Supplied data section start

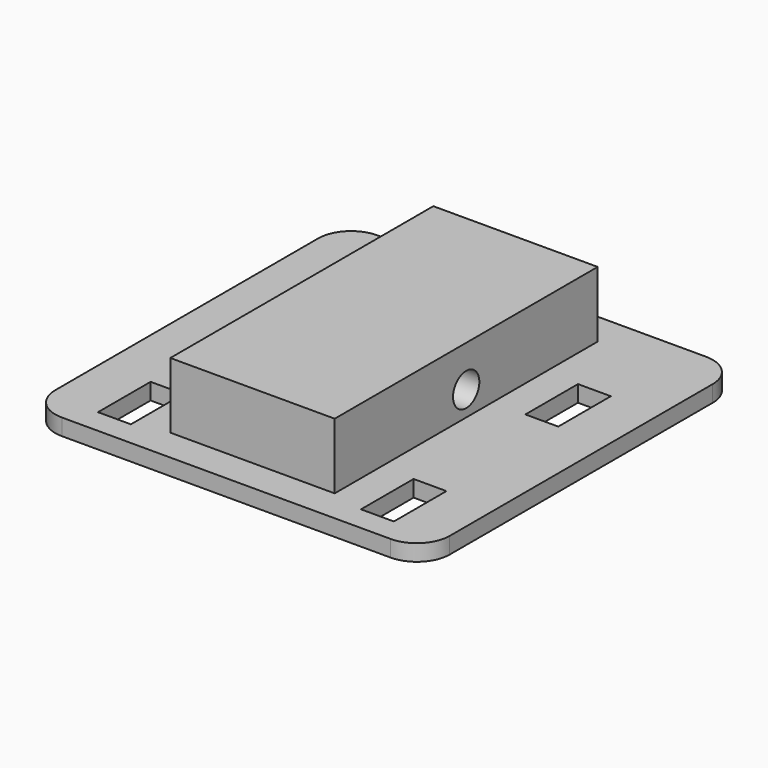
from build123d import *

# Parameters (mm, degrees)
F2_DEPTH = 6.35
F3_W     = 63.5
F3_H     = 127
F4_DEPTH = 25.4
F5_R     = 6.35
F6_DEPTH = 63.5
F7_W     = 12.7
F7_H     = 25.4
F8_DEPTH = 6.35


# Not quite as in the source:
# - the program builds the solid bodies; features that only make, move or delete a surface that nothing else refers to are left out


with BuildPart() as f2:
    # F0 (on Top) → F2 (new body)
    with BuildSketch(Plane.XY):
        with BuildLine():
            Line((63.5, 76.2), (-63.5, 76.2))
            ThreePointArc((-63.5, 76.2), (-72.4802561211, 72.4802561211), (-76.2, 63.5))
            Line((-76.2, 63.5), (-76.2, -63.5))
            ThreePointArc((-76.2, -63.5), (-72.4802561211, -72.4802561211), (-63.5, -76.2))
            Line((-63.5, -76.2), (63.5, -76.2))
            ThreePointArc((63.5, -76.2), (72.4802561211, -72.4802561211), (76.2, -63.5))
            Line((76.2, -63.5), (76.2, 63.5))
            ThreePointArc((76.2, 63.5), (72.4802561211, 72.4802561211), (63.5, 76.2))
        make_face()
        with BuildLine():
            ThreePointArc((-69.85, 57.15), (-66.1302561211, 66.1302561211), (-57.15, 69.85))
            Line((-57.15, 69.85), (-1.846e-07, 69.85))
            Line((-1.846e-07, 69.85), (57.15, 69.85))
            ThreePointArc((57.15, 69.85), (66.1302561211, 66.1302561211), (69.85, 57.15))
            Line((69.85, 57.15), (69.85, 0))
            Line((69.85, 0), (69.85, -57.15))
            ThreePointArc((69.85, -57.15), (66.1302561211, -66.1302561211), (57.15, -69.85))
            Line((57.15, -69.85), (0, -69.85))
            Line((0, -69.85), (-57.15, -69.85))
            ThreePointArc((-57.15, -69.85), (-66.1302561211, -66.1302561211), (-69.85, -57.15))
            Line((-69.85, -57.15), (-69.85, -1.807e-07))
            Line((-69.85, -1.807e-07), (-69.85, 57.15))
        make_face(mode=Mode.SUBTRACT)
        with BuildLine():
            ThreePointArc((69.85, 0), (49.3914086006, 49.3914087312), (-1.846e-07, 69.85))
            ThreePointArc((-1.846e-07, 69.85), (-49.3914087951, 49.3914085367), (-69.85, -1.807e-07))
            ThreePointArc((-69.85, -1.807e-07), (-49.391408602, -49.3914087298), (0, -69.85))
            ThreePointArc((0, -69.85), (49.3914086659, -49.3914086659), (69.85, 0))
        make_face()
        with BuildLine():
            Line((57.15, 69.85), (-1.846e-07, 69.85))
            ThreePointArc((-1.846e-07, 69.85), (49.3914086006, 49.3914087312), (69.85, 0))
            Line((69.85, 0), (69.85, 57.15))
            ThreePointArc((69.85, 57.15), (66.1302561211, 66.1302561211), (57.15, 69.85))
        make_face()
        with BuildLine():
            Line((-1.846e-07, 69.85), (-57.15, 69.85))
            ThreePointArc((-57.15, 69.85), (-66.1302561211, 66.1302561211), (-69.85, 57.15))
            Line((-69.85, 57.15), (-69.85, -1.807e-07))
            ThreePointArc((-69.85, -1.807e-07), (-49.3914087951, 49.3914085367), (-1.846e-07, 69.85))
        make_face()
        with BuildLine():
            Line((69.85, -57.15), (69.85, 0))
            ThreePointArc((69.85, 0), (49.3914086659, -49.3914086659), (0, -69.85))
            Line((0, -69.85), (57.15, -69.85))
            ThreePointArc((57.15, -69.85), (66.1302561211, -66.1302561211), (69.85, -57.15))
        make_face()
        with BuildLine():
            ThreePointArc((0, -69.85), (-49.391408602, -49.3914087298), (-69.85, -1.807e-07))
            Line((-69.85, -1.807e-07), (-69.85, -57.15))
            ThreePointArc((-69.85, -57.15), (-66.1302561211, -66.1302561211), (-57.15, -69.85))
            Line((-57.15, -69.85), (0, -69.85))
        make_face()
    extrude(amount=F2_DEPTH)

    # F3 (on face) → F4 (join)
    with BuildSketch(Plane.XY.offset(6.35)):
        Rectangle(F3_W, F3_H)
    extrude(amount=F4_DEPTH)

    # F5 (on face) → F6 (cut)
    with BuildSketch(Plane.YZ.offset(31.75)):
        with Locations((0, 15.875)):
            Circle(F5_R)
    extrude(amount=-F6_DEPTH, mode=Mode.SUBTRACT)

    # F7 (on face) → F8 (cut)
    with BuildSketch(Plane.XY.offset(6.35)):
        with Locations((50.8, 25.4)):
            Rectangle(F7_W, F7_H)
        with Locations((-50.8, 25.4)):
            Rectangle(F7_W, F7_H)
        with Locations((-50.8, -53.975)):
            Rectangle(F7_W, F7_H)
        with Locations((50.8, -53.975)):
            Rectangle(F7_W, F7_H)
    extrude(amount=-F8_DEPTH, mode=Mode.SUBTRACT)


solid = f2.part
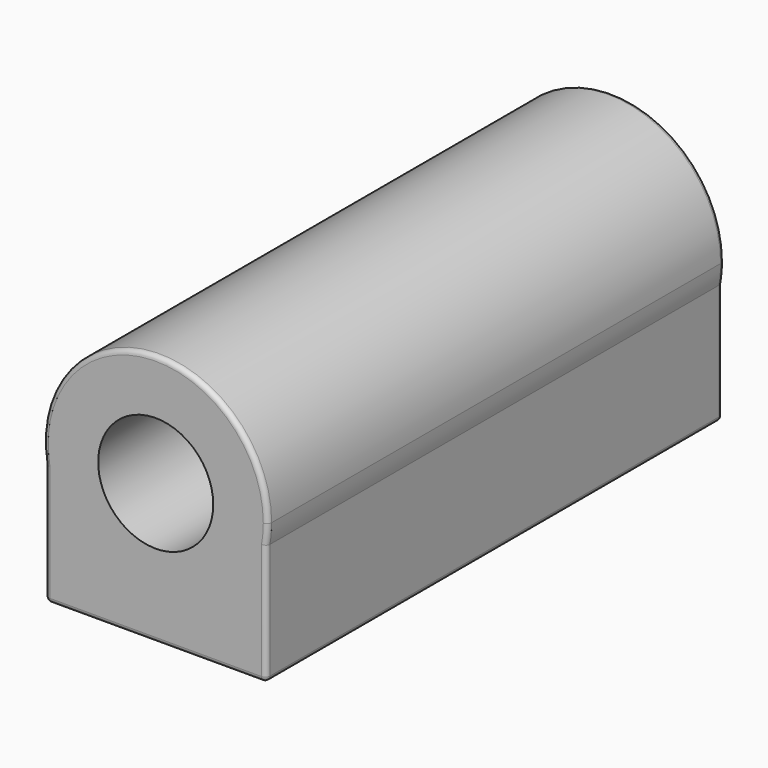
from build123d import *

# Parameters (mm, degrees)
F1_R     = 6.15
F2_DEPTH = 61
F3_DEPTH = 61.001
F4_DEPTH = 2
F5_R     = 0.5


# Not quite as in the source:
# - two fillets or chamfers of one size are made in one step


with BuildPart() as f2:
    # F1 (on face) → F2 (new body)
    with BuildSketch(Plane.XZ):
        Circle(F1_R)
    extrude(amount=F2_DEPTH)


with BuildPart() as f2b:
    # F0 (on Front) → F2, piece 2 (new body)
    with BuildSketch(Plane.XZ):
        with BuildLine():
            ThreePointArc((11.8124997243, -2.1130192291), (11.9530330187, -1.0606609515), (12, 0))
            ThreePointArc((12, 0), (-1.0606609515, 11.9530330187), (-11.8124997243, -2.1130192291))
            Line((-11.8124997243, -2.1130192291), (-11.8124997243, 1))
            Line((-11.8124997243, 1), (11.8124997243, 1))
            Line((11.8124997243, 1), (11.8124997243, -2.1130192291))
        make_face()
        with BuildLine():
            Line((-11.8124997243, 1), (-11.8124997243, -2.1130192291))
            ThreePointArc((-11.8124997243, -2.1130192291), (0, -12), (11.8124997243, -2.1130192291))
            Line((11.8124997243, -2.1130192291), (11.8124997243, 1))
            Line((11.8124997243, 1), (-11.8124997243, 1))
        make_face()
        with BuildLine():
            ThreePointArc((11.8124997243, -2.1130192291), (0, -12), (-11.8124997243, -2.1130192291))
            Line((-11.8124997243, -2.1130192291), (-11.8124997243, -13))
            Line((-11.8124997243, -13), (11.8124997243, -13))
            Line((11.8124997243, -13), (11.8124997243, -2.1130192291))
        make_face()
    extrude(amount=F2_DEPTH)


with BuildPart() as f3_tool:
    # F3 (cut, through all): a face of the model
    f3_faces = [f2.part.faces().sort_by_distance(p)[0] for p in [
        (0, -61, 0),
    ]]
    extrude(f3_faces, amount=-F3_DEPTH)


with BuildPart() as f2_1:
    add(f2.part)

    # F3: cut by f3_tool
    add(f3_tool.part, mode=Mode.SUBTRACT)


with BuildPart() as f2b_1:
    add(f2b.part)

    # F3: cut by f3_tool
    add(f3_tool.part, mode=Mode.SUBTRACT)

    # F4 (add): a face of the model
    f4_faces = [f2b_1.faces().sort_by_distance(p)[0] for p in [
        (0, -30.5, -13),
    ]]
    extrude(f4_faces, amount=F4_DEPTH)

    # F5
    f5_edges = [f2b_1.edges().sort_by_distance(p)[0] for p in [
        (0, -61, 12),
        (-11.8125, -61, -8.55651),
        (11.8125, -61, -8.55651),
        (11.8125, 0, -8.55651),
        (-11.8125, 0, -8.55651),
        (0, 0, 12),
        (-11.8125, -30.5, -15),
        (0, 0, -15),
        (11.8125, -30.5, -15),
        (0, -61, -15),
    ]]
    fillet(f5_edges, radius=F5_R)


solid = f2b_1.part

Supplied data section end

Copy each line of the data that contains the word "Locations", leaving the other lines out.

Answer to the problem>
        with Locations((0, 15.875)):
        with Locations((50.8, 25.4)):
        with Locations((-50.8, 25.4)):
        with Locations((-50.8, -53.975)):
        with Locations((50.8, -53.975)):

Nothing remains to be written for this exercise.